Dépister et prévenir le stress chronique


Mai 2009


HARCELEMENT MORAL OU SEXUEL

Le harcèlement moral est défini par l'article L 1152-1 du code du travail et se caractérise par des agissements répétés qui ont pour objet ou pour effet une dégradation des conditions de travail susceptible de porter atteinte aux droits et à la dignité du salarié, d'altérer sa santé physique ou mentale ou de compromettre son avenir professionnel.
 
Il se distingue du harcèlement sexuel qui est défini à l'article L 1153-1 du code du travail par les agissements de toute personne dont le but est d'obtenir des faveurs de nature sexuelle à son profit ou au profit d'un tiers. Le harcèlement peut par ailleurs constituer une forme de discrimination si elle est fondée sur l'un des critères figurant  à l'article
L1132-1 du code du travail. La preuve de l'existence du harcèlement est aménagée, en ce sens que le salarié doit établir des faits permettant de présumer son existence puis c'est au tour de l'employeur de prouver que ces faits ne sont pas constitutifs d'un harcèlement.
 


QUE FAIRE ? QUELS RECOURS ?


  • La médiation
Face à une situation de harcèlement moral, la victime peut solliciter une médiation en se fondant sur l'article L 1152-6 du code du travail. Cependant, celle-ci n'est possible que si l'auteur présumé du harcèlement donne son accord sur la mise en œuvre de la médiation ainsi que sur la personne du médiateur. A défaut, cette voie ne peut être utilisée.
Comment contacter un médiateur ?
Il n’existe pas de  liste comme pour les experts judiciaires. Pour obtenir des renseignements à ce sujet, nous vous suggérons de  joindre la DDTEFP (Direction Départementale du Travail, de l’Emploi et de la Formation Professionnelle) ou éventuellement des organismes travaillant en relation avec les médecins du travail.

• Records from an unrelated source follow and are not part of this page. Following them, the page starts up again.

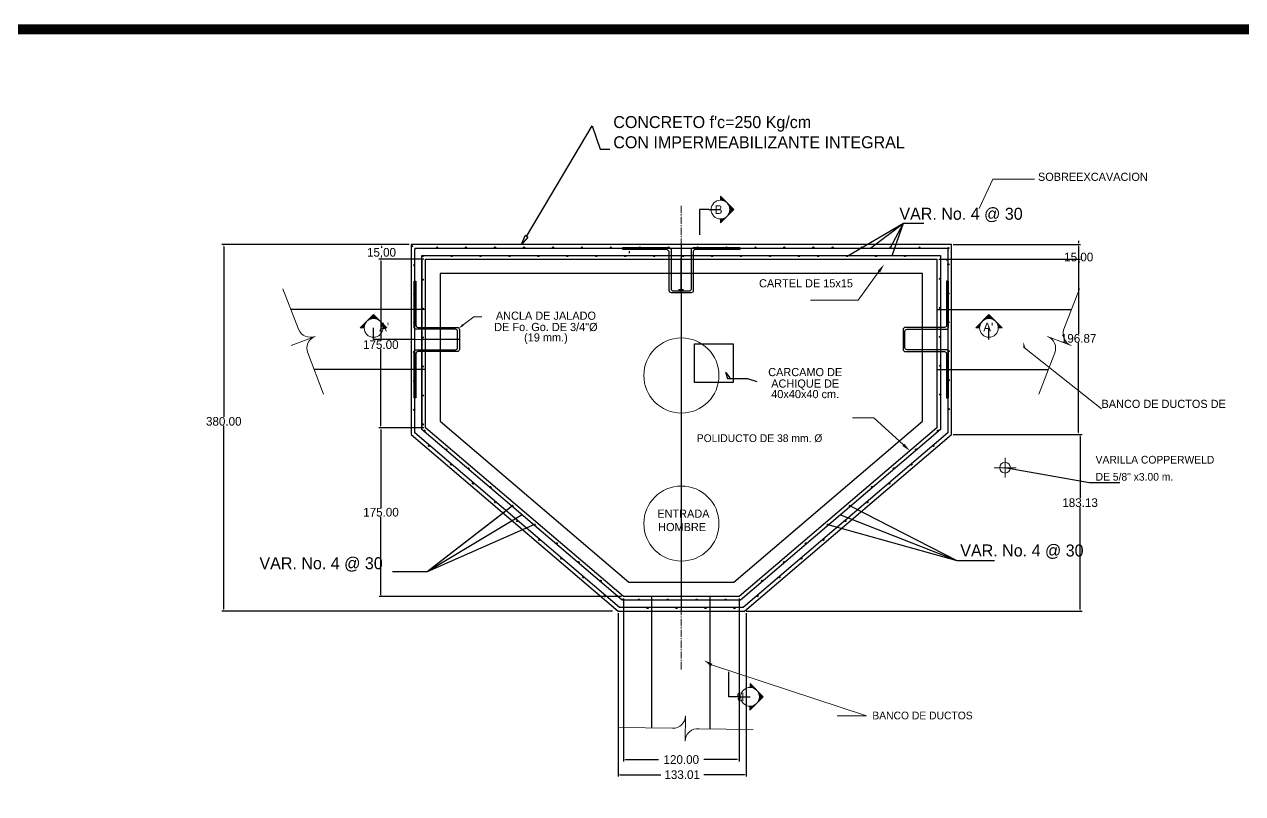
# Model space of a CAD drawing. Header units: centimetres. Extents: x 899 to 420531, y -5023 to 1299.
# Drawn here: x 16385 to 17648, y -1161 to -363 of the extents above; entities that cross this region are included whole.
import ezdxf
from ezdxf.enums import TextEntityAlignment as Align

# ---------------------------------------------------------------- set-up
doc = ezdxf.new("R2010")
doc.units = ezdxf.units.CM
doc.header["$LTSCALE"] = 10
doc.header["$MEASUREMENT"] = 0
doc.linetypes.add('CENTER2', pattern=[1.125, 0.75, -0.125, 0.125, -0.125])
doc.layers.get('0').update_dxf_attribs({"linetype": 'CONTINUOUS'})
doc.layers.get('DEFPOINTS').update_dxf_attribs({"color": 2, "linetype": 'CONTINUOUS'})
for name, color, linetype in [('Dimensiones', 7, 'CONTINUOUS'), ('Ductos', 30, 'CONTINUOUS'), ('MARCO', 7, 'CONTINUOUS'), ('REGISTRO', 1, 'CONTINUOUS'), ('TEXTOS', 7, 'CONTINUOUS'), ('VARILLAS', 30, 'CONTINUOUS')]:
    doc.layers.add(name, color=color, linetype=linetype)
doc.styles.get("Standard").update_dxf_attribs({"font": ''})
doc.styles.get('Standard').set_extended_font_data('Zurich Ex BT')
doc.dimstyles.get("Standard").update_dxf_attribs({"dimtxt": 9, "dimasz": 2, "dimexe": 2, "dimexo": 2, "dimgap": 0.09, "dimtad": 0, "dimtih": 1, "dimtoh": 1, "dimzin": 0, "dimdsep": 46, "dimtxsty": 'Standard', "dimcen": 0.09, "dimadec": 0, "dimazin": 0, "dimtfac": 1, "dimtofl": 0, "dimtmove": 0, "dimatfit": 3, "dimfxl": 0, "dimtolj": 1, "dimtzin": 0, "dimarcsym": 0})

# ---------------------------------------------------------------- blocks, each defined once
blk = doc.blocks.new('_ClosedBlank')
at = {"color": 0, "linetype": 'ByBlock', "lineweight": -2}
for p, q in [((-1, 0.17), (0, 0)), ((-1, 0.17), (-1, -0.17)), ((0, 0), (-1, -0.17))]:
    blk.add_line(p, q, dxfattribs=at)
blk = doc.blocks.new('*D33')
at = {"layer": 'DEFPOINTS', "color": 0}
for p in [(16785.7, -591.7), (16754.9, -606.7), (16800.7, -606.7)]:
    blk.add_point(p, dxfattribs=at)
at = {"layer": 'Dimensiones', "color": 0, "lineweight": -2}
for p, q in [((16783.7, -591.7), (16752.9, -591.7)), ((16754.9, -593.7), (16754.9, -595.2)), ((16754.9, -604.7), (16754.9, -604.5)), ((16798.7, -606.7), (16752.9, -606.7))]:
    blk.add_line(p, q, dxfattribs=at)
at = {"layer": 'Dimensiones', "color": 0}
for points in [[(16754.6, -593.7), (16755.3, -593.7), (16754.9, -591.7)], [(16754.6, -604.7), (16755.3, -604.7), (16754.9, -606.7)]]:
    blk.add_solid(points, dxfattribs=at)
at = {"layer": 'Dimensiones', "color": 0, "insert": (16754.9, -599.8), "char_height": 9, "attachment_point": 5}
blk.add_mtext('\\A1;15.00', dxfattribs=at)
blk = doc.blocks.new('*D34')
at = {"layer": 'DEFPOINTS', "color": 0}
for p in [(17345.7, -591.7), (17330.7, -606.7), (17477.7, -606.7)]:
    blk.add_point(p, dxfattribs=at)
at = {"layer": 'TEXTOS', "color": 0, "lineweight": -2}
for p, q in [((17347.7, -591.7), (17479.7, -591.7)), ((17477.7, -589.7), (17477.7, -587.7)), ((17332.7, -606.7), (17479.7, -606.7)), ((17477.7, -608.7), (17477.7, -610.7))]:
    blk.add_line(p, q, dxfattribs=at)
at = {"layer": 'TEXTOS', "color": 0}
for points in [[(17477.3, -589.7), (17478, -589.7), (17477.7, -591.7)], [(17477.3, -608.7), (17478, -608.7), (17477.7, -606.7)]]:
    blk.add_solid(points, dxfattribs=at)
at = {"layer": 'TEXTOS', "color": 0, "insert": (17477.7, -604.7), "char_height": 9, "attachment_point": 5}
blk.add_mtext('\\A1;15.00', dxfattribs=at)
blk = doc.blocks.new('*D35')
at = {"layer": 'DEFPOINTS', "color": 0}
for p in [(17005.7, -956.7), (17125.7, -956.7), (17125.7, -1125.6)]:
    blk.add_point(p, dxfattribs=at)
at = {"layer": 'Dimensiones', "color": 0, "lineweight": -2}
for p, q in [((17005.7, -958.7), (17005.7, -1127.6)), ((17125.7, -958.7), (17125.7, -1127.6)), ((17007.7, -1125.6), (17042.1, -1125.6)), ((17123.7, -1125.6), (17089.2, -1125.6))]:
    blk.add_line(p, q, dxfattribs=at)
at = {"layer": 'Dimensiones', "color": 0}
for points in [[(17007.7, -1125.2), (17007.7, -1125.9), (17005.7, -1125.6)], [(17123.7, -1125.2), (17123.7, -1125.9), (17125.7, -1125.6)]]:
    blk.add_solid(points, dxfattribs=at)
at = {"layer": 'Dimensiones', "color": 0, "insert": (17065.7, -1125.6), "char_height": 9, "attachment_point": 5}
blk.add_mtext('\\A1;120.00', dxfattribs=at)
blk = doc.blocks.new('*D36')
at = {"layer": 'DEFPOINTS', "color": 0}
for p in [(16785.7, -591.7), (16591.4, -971.7), (16995.7, -971.7)]:
    blk.add_point(p, dxfattribs=at)
at = {"layer": 'Dimensiones', "color": 0, "lineweight": -2}
for p, q in [((16783.7, -591.7), (16589.4, -591.7)), ((16591.4, -593.7), (16591.4, -770.4)), ((16591.4, -969.7), (16591.4, -779.7)), ((16993.7, -971.7), (16589.4, -971.7))]:
    blk.add_line(p, q, dxfattribs=at)
at = {"layer": 'Dimensiones', "color": 0}
for points in [[(16591.1, -593.7), (16591.8, -593.7), (16591.4, -591.7)], [(16591.1, -969.7), (16591.8, -969.7), (16591.4, -971.7)]]:
    blk.add_solid(points, dxfattribs=at)
at = {"layer": 'Dimensiones', "color": 0, "insert": (16591.4, -775), "char_height": 9, "attachment_point": 5}
blk.add_mtext('\\A1;380.00', dxfattribs=at)
blk = doc.blocks.new('*D28')
at = {"layer": 'DEFPOINTS', "color": 0}
for p in [(16800.7, -606.7), (16754.2, -781.7), (16800.7, -781.7)]:
    blk.add_point(p, dxfattribs=at)
at = {"layer": 'Dimensiones', "color": 0, "lineweight": -2}
for p, q in [((16798.7, -606.7), (16752.2, -606.7)), ((16754.2, -608.7), (16754.2, -690.8)), ((16754.2, -779.7), (16754.2, -700.1)), ((16798.7, -781.7), (16752.2, -781.7))]:
    blk.add_line(p, q, dxfattribs=at)
at = {"layer": 'Dimensiones', "color": 0}
for points in [[(16753.8, -608.7), (16754.5, -608.7), (16754.2, -606.7)], [(16753.8, -779.7), (16754.5, -779.7), (16754.2, -781.7)]]:
    blk.add_solid(points, dxfattribs=at)
at = {"layer": 'Dimensiones', "color": 0, "insert": (16754.2, -695.5), "char_height": 9, "attachment_point": 5}
blk.add_mtext('\\A1;175.00', dxfattribs=at)
blk = doc.blocks.new('*D29')
at = {"layer": 'DEFPOINTS', "color": 0}
for p in [(16800.7, -781.7), (16754.4, -956.7), (17005.7, -956.7)]:
    blk.add_point(p, dxfattribs=at)
at = {"layer": 'Dimensiones', "color": 0, "lineweight": -2}
for p, q in [((16798.7, -781.7), (16752.4, -781.7)), ((16754.4, -783.7), (16754.4, -864.5)), ((16754.4, -954.7), (16754.4, -873.9)), ((17003.7, -956.7), (16752.4, -956.7))]:
    blk.add_line(p, q, dxfattribs=at)
at = {"layer": 'Dimensiones', "color": 0}
for points in [[(16754, -783.7), (16754.7, -783.7), (16754.4, -781.7)], [(16754, -954.7), (16754.7, -954.7), (16754.4, -956.7)]]:
    blk.add_solid(points, dxfattribs=at)
at = {"layer": 'Dimensiones', "color": 0, "insert": (16754.4, -869.2), "char_height": 9, "attachment_point": 5}
blk.add_mtext('\\A1;175.00', dxfattribs=at)
blk = doc.blocks.new('*D30')
at = {"layer": 'DEFPOINTS', "color": 0}
for p in [(17345.7, -591.7), (17345.7, -788.6), (17477.6, -788.6)]:
    blk.add_point(p, dxfattribs=at)
at = {"layer": 'Dimensiones', "color": 0, "lineweight": -2}
for p, q in [((17347.7, -591.7), (17479.6, -591.7)), ((17477.6, -593.7), (17477.6, -684.3)), ((17477.6, -786.6), (17477.6, -693.7)), ((17347.7, -788.6), (17479.6, -788.6))]:
    blk.add_line(p, q, dxfattribs=at)
at = {"layer": 'Dimensiones', "color": 0}
for points in [[(17477.3, -593.7), (17477.9, -593.7), (17477.6, -591.7)], [(17477.3, -786.6), (17477.9, -786.6), (17477.6, -788.6)]]:
    blk.add_solid(points, dxfattribs=at)
at = {"layer": 'Dimensiones', "color": 0, "insert": (17477.6, -689), "char_height": 9, "attachment_point": 5}
blk.add_mtext('\\A1;196.87', dxfattribs=at)
blk = doc.blocks.new('*D31')
at = {"layer": 'DEFPOINTS', "color": 0}
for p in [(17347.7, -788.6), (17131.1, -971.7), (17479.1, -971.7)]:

  • Les représentants du personnel
Le salarié peut également se tourner vers les représentants du personnel, au premier rang desquels les délégués du personnel. Ceux-ci sont investis par l'article L 2313-2 du code du travail d'un véritable droit d'alerte lorsqu’il est constaté une atteinte aux droits des personnes ou à leur santé physique ou mentale.
Si l’auteur présumé du harcèlement – sexuel ou moral – est le chef d’entreprise, comment cela se passe-t-il ?
Tout dépend de ce que la victime souhaite faire. Elle peut :
- engager une procédure prud’hommale en prenant acte de la rupture du contrat de travail ou en demandant sa résiliation judiciaire,
- saisir les représentants du personnel,
- informer le médecin du travail dans le cadre d’une visite à son initiative,
- informer l’inspecteur du travail …
Dans tous les cas, le/la salarié(e) est protégé(e) contre le licenciement.

  • L’employeur
Il doit aussitôt déclencher une enquête et prendre les dispositions nécessaires pour y remédier. A défaut, le conseil de prud'hommes peut être saisi.

  • Le CHSCT (Comité d’hygiène, de sécurité et des conditions de travail)
Par ailleurs, le CHSCT peut proposer des actions de prévention en matière de harcèlement.

  • Les syndicats
Les syndicats peuvent agir avec l'accord du salarié afin d'obtenir la condamnation d'un harcèlement (article 1154-2 du code du travail).

Si l’entreprise (compte tenu de sa taille) ne dispose pas de CHSCT, ni de représentants du personnel ?
Le salarié peut surtout compter sur le médecin du travail qui s’assure des conditions de travail des salariés, de leur santé physique et mentale.

  • Le médecin du travail
Le médecin du travail peut être sollicité dans le cadre d'une visite passée à l'initiative de la victime du harcèlement. Le médecin du travail peut alors, sur le fondement de l'article L 4624-1 du code du travail, proposer à l'employeur des mesures individuelles telles que mutations ou transformations de postes justifiées entre autre par son état de santé physique ou mentale. L'employeur doit prendre en considération ces propositions ou faire connaître son refus par écrit.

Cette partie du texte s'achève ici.